(Source records)
########################################
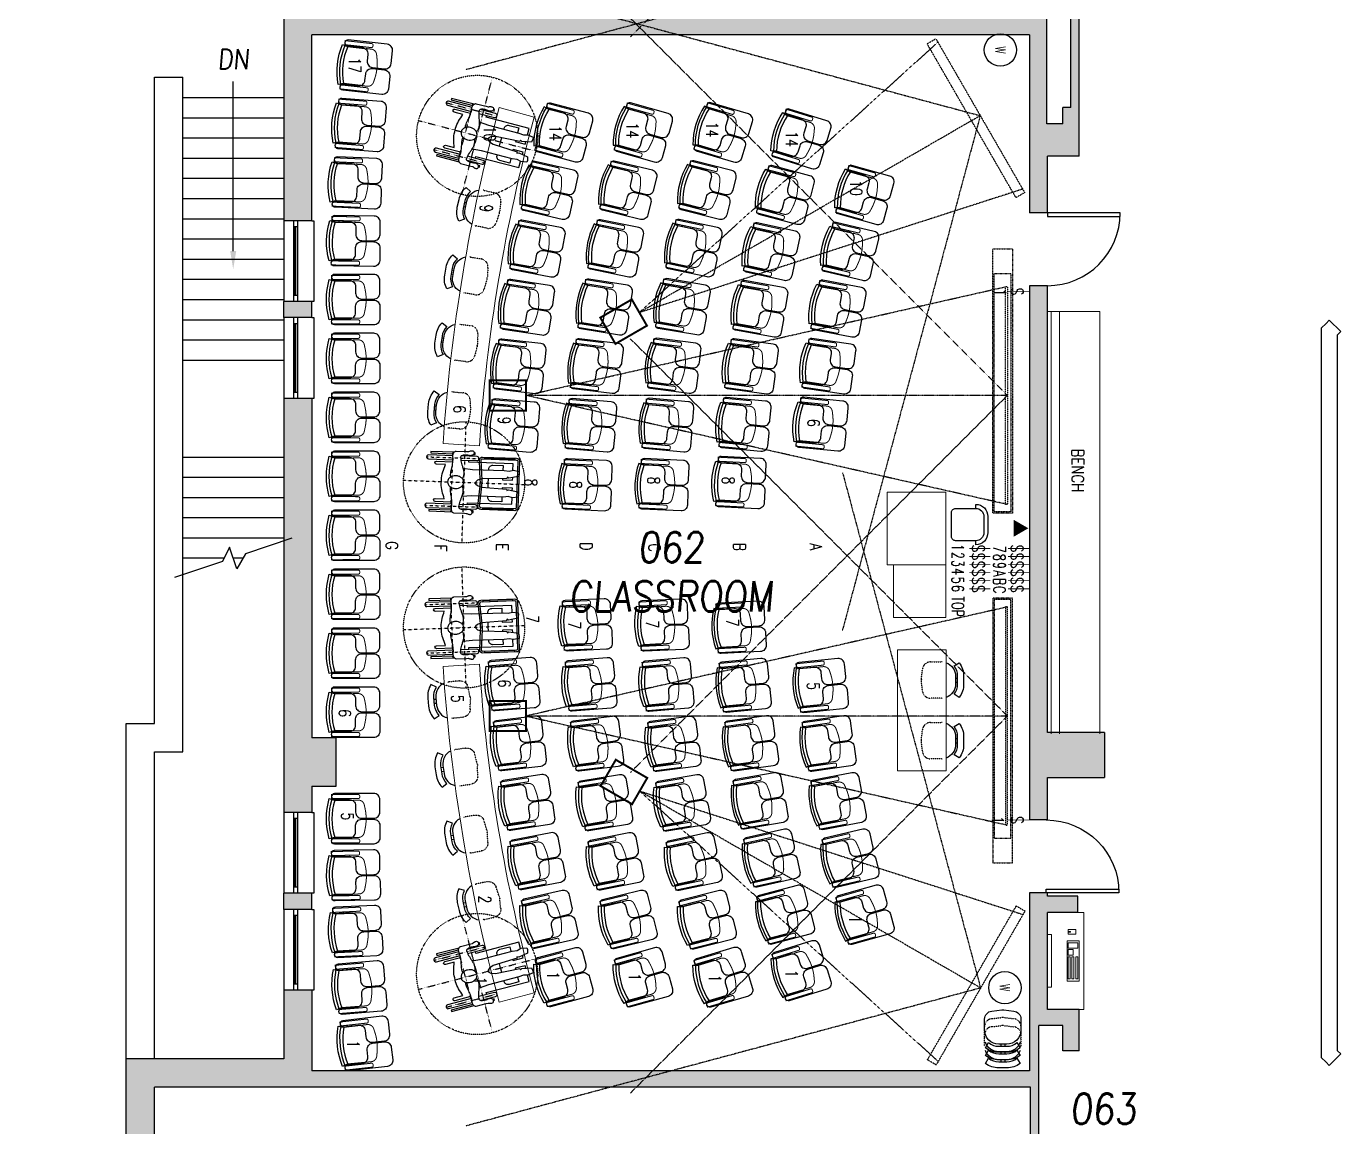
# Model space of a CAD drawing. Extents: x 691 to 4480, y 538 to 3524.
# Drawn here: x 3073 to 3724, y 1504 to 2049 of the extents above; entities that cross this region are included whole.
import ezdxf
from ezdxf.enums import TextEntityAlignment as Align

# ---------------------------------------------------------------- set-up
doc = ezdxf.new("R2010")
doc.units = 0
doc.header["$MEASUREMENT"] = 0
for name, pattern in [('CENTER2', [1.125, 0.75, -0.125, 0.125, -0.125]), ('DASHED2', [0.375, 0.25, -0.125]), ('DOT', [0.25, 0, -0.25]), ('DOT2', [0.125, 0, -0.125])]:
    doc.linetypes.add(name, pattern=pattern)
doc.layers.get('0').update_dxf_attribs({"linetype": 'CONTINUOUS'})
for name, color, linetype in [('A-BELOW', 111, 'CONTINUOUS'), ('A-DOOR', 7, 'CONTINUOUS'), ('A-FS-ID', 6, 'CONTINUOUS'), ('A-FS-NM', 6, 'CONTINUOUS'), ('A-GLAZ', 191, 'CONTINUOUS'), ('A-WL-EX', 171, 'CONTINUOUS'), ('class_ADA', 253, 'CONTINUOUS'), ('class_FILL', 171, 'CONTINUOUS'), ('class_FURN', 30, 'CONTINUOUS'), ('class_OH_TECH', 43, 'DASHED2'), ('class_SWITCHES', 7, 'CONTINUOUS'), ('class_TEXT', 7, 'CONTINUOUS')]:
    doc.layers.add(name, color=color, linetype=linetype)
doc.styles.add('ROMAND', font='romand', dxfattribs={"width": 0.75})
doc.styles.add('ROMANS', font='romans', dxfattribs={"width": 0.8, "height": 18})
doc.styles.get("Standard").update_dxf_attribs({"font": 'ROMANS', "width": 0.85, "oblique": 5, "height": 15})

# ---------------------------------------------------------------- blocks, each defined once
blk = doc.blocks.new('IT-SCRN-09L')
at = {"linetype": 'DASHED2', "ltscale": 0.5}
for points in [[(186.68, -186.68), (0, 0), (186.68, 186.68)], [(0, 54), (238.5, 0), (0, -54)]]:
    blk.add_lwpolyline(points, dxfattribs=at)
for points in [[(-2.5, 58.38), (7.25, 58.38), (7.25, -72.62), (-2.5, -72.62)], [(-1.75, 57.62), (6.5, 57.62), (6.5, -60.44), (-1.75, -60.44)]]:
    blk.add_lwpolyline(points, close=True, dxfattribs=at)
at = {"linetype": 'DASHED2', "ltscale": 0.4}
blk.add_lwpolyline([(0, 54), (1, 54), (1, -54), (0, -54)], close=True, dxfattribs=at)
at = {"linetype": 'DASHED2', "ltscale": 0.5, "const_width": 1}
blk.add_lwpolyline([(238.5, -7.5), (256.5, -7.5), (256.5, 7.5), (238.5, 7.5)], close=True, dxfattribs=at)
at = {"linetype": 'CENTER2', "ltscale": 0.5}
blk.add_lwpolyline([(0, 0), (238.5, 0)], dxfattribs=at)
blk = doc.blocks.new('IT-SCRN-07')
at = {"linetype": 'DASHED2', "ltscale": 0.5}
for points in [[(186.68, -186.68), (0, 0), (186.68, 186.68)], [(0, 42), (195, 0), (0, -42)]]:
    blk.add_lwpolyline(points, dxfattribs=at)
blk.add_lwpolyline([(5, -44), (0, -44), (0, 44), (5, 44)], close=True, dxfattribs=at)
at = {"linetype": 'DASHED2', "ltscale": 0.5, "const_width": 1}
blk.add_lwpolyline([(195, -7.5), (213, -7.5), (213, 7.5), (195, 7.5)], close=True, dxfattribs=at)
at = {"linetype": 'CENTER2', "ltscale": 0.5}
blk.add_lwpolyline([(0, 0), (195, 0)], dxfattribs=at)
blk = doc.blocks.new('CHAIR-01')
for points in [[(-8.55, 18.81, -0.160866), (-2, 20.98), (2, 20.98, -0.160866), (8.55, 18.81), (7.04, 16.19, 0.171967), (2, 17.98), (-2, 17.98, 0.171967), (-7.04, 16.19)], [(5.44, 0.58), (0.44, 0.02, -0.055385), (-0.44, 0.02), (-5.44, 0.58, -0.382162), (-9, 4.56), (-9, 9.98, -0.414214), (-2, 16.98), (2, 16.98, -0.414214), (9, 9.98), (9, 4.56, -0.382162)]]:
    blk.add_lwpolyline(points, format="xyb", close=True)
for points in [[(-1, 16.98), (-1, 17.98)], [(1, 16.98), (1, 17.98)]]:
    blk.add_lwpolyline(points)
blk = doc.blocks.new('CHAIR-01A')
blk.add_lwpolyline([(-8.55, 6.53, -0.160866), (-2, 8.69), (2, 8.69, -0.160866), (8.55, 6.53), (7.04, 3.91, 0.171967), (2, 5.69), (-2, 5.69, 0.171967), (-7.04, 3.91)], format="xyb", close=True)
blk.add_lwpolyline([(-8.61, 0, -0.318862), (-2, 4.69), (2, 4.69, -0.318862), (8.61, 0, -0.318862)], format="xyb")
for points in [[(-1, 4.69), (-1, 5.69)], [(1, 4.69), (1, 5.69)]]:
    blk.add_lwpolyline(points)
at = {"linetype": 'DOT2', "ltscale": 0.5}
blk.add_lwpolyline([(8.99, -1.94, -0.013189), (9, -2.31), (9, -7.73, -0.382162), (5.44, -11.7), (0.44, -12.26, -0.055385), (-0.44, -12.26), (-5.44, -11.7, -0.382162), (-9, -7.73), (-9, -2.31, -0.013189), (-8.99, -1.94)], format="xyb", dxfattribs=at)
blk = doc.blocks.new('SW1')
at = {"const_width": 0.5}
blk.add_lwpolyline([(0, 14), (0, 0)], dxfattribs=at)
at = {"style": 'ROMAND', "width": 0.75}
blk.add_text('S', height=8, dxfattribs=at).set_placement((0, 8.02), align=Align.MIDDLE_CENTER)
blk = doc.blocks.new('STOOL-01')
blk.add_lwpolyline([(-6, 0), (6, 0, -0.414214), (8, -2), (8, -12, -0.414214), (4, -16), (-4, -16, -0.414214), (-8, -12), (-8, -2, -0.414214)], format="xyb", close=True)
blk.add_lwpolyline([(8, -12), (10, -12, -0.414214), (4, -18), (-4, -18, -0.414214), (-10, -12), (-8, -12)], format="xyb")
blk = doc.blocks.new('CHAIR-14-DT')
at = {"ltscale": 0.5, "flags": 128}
########################################
The answer must be the lines from the first one in the records through the line containing "from ezdxf.enums import", copied exactly, with no pictures.

_Solution_
# Model space of a CAD drawing. Extents: x 691 to 4480, y 538 to 3524.
# Drawn here: x 3073 to 3724, y 1504 to 2049 of the extents above; entities that cross this region are included whole.
import ezdxf
from ezdxf.enums import TextEntityAlignment as Align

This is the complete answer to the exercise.